Медведь слушал внимательно, наклонив набок бедовую башку. Чутье подсказывало ему, что если не дурить, то этот страшный пигмей, от которого пахло бедой, не причинит ему вреда. От нахлынувшей жалости к себе из медвежьего глаза выкатилась одинокая слезинка и бриллиантовой бусинкой повисла на шерсти.
— Да, брат, — посочувствовал Гурко, — несладко тебе. Но ты и сам виноват. Сколько людишек задрал, а зачем? Ладно, чего уж теперь. Давай устроим представление. Но не переборщи, сдачи получишь.
Медведь с облегчением напружинился, заворчал понарошку. Ему понравилась игра. Вроде пугнул, а вроде все целы. Слезинку смахнул корявой лапой. Глядел жалобно, как убогий: дескать, только сам-то меня не тронь.
— Давай, давай, — подбодрил Олег. — Шибче нападай, не трусь.
Для азарта зацепил кулаком по медвежьему пятаку и ринулся бежать. Косолапый вперевалку за ним. Целый круг проколесили, шуму много наделали. Медведь ревел беспощадно. В кураже, забыв страх, чесанул когтями по Олегову плечу, еле тот отстранился. Комбинезон с треском распахнулся по боковому шву. С помоста казалось, желанный конец близок. Гогот, улюлюкание и визгливый голос беспутной дамочки:
— Мочи его, Миша! За яйца дерни!
Гурко подумал: что это? Откуда? Ведь все эти наверху когда-то были рождены матерью. Или нет?
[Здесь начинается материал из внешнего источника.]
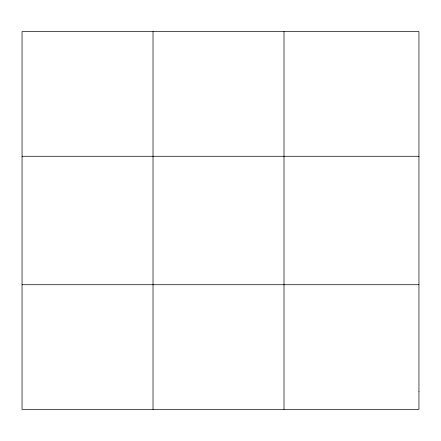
<?xml version="1.0" encoding="UTF-8"?>
<svg xmlns="http://www.w3.org/2000/svg" width="441" height="441" viewBox="0 0 441 441"><rect width="100%" height="100%" fill="white"/><g stroke="black" fill="none" stroke-linecap="round" stroke-linejoin="round"><path stroke-width="0.66" d="M153.027 31.592L153.027 409.408M284.004 31.592L284.004 409.408M22.05 156.274L418.95 156.274M22.05 284.726L418.95 284.726M418.95 391.597L418.95 409.408L22.05 409.408L22.05 31.592L418.95 31.592L418.95 391.597"/></g></svg>

Тут случилось непредвиденное. Распорядитель решил, что охота идет слишком вяло: медведя, похоже, перекормили. Ярости маловато против обычного. Он махнул платком, и с вышки грянул выстрел. В мохнатую медвежью грудь вонзилась стрела, которую он сразу же вырвал, но наркотик уже проник в его кровь. Он ощутил необыкновенный прилив могущества. Все сомнения и страхи исчезли. С веселым рыком, дуриком он попер на обнаглевшего пигмея. Может быть, еще мелькнула в распаленном сознании осторожная мысль: ну куда меня несет? Не на погибель ли? — а в воображении, в экстазе уже чудилось — догнал, расплющил, разодрал опасную глазастую гадину. Но то был только мираж, подобный всей нелепой предыдущей жизни.
Гурко покорился стихии «дзена» и согнутыми пальцами ударил зверя в глаза. Быстрота и ловкость нападающего медведя не уступают рысьей, но человек его опередил. Алые пуговки вдавились в череп и лопнули, как стеклянные шарики, окатив крохотный мозг черной слизью. В непереносимом отчаянии медведь завыл, бездумно колошматя лапами во все стороны. Он знал, что поздно просить пощады, и надеялся на авось. Но чуда не произошло. Гурко достал из складок униформы большую распрямленную дамскую булавку — Нюрина памятка, — зашел сзади и спокойно, нащупав нужную точку на бугристом загривке, пронзил железом мозжечок зверя. Медведь нелепо задергался, лег на брюхо и пополз к забору, загребая землю, как пловец рассекает волну. Наконец уткнулся слепой мордой в камень и, кряхтя и постанывая, безгрешно отбыл на общую родину всех медведей и людей.
Чудная тишина встала над двором. Через какое-то время ее нарушил женский вопль:
— О-у-а! Пустите меня! Пустите! К нему хочу!
Но куролесила туристка недолго. С удивлением сообщила корешам: «Кажется, я кончила, господа!»
Боязливым шагом к сидящему на земле Гурко приблизился Ахмат. Убежденно заметил:
— Лучше бы ты сам сдох, раб. Мишане цены не было. Он же дрессированный.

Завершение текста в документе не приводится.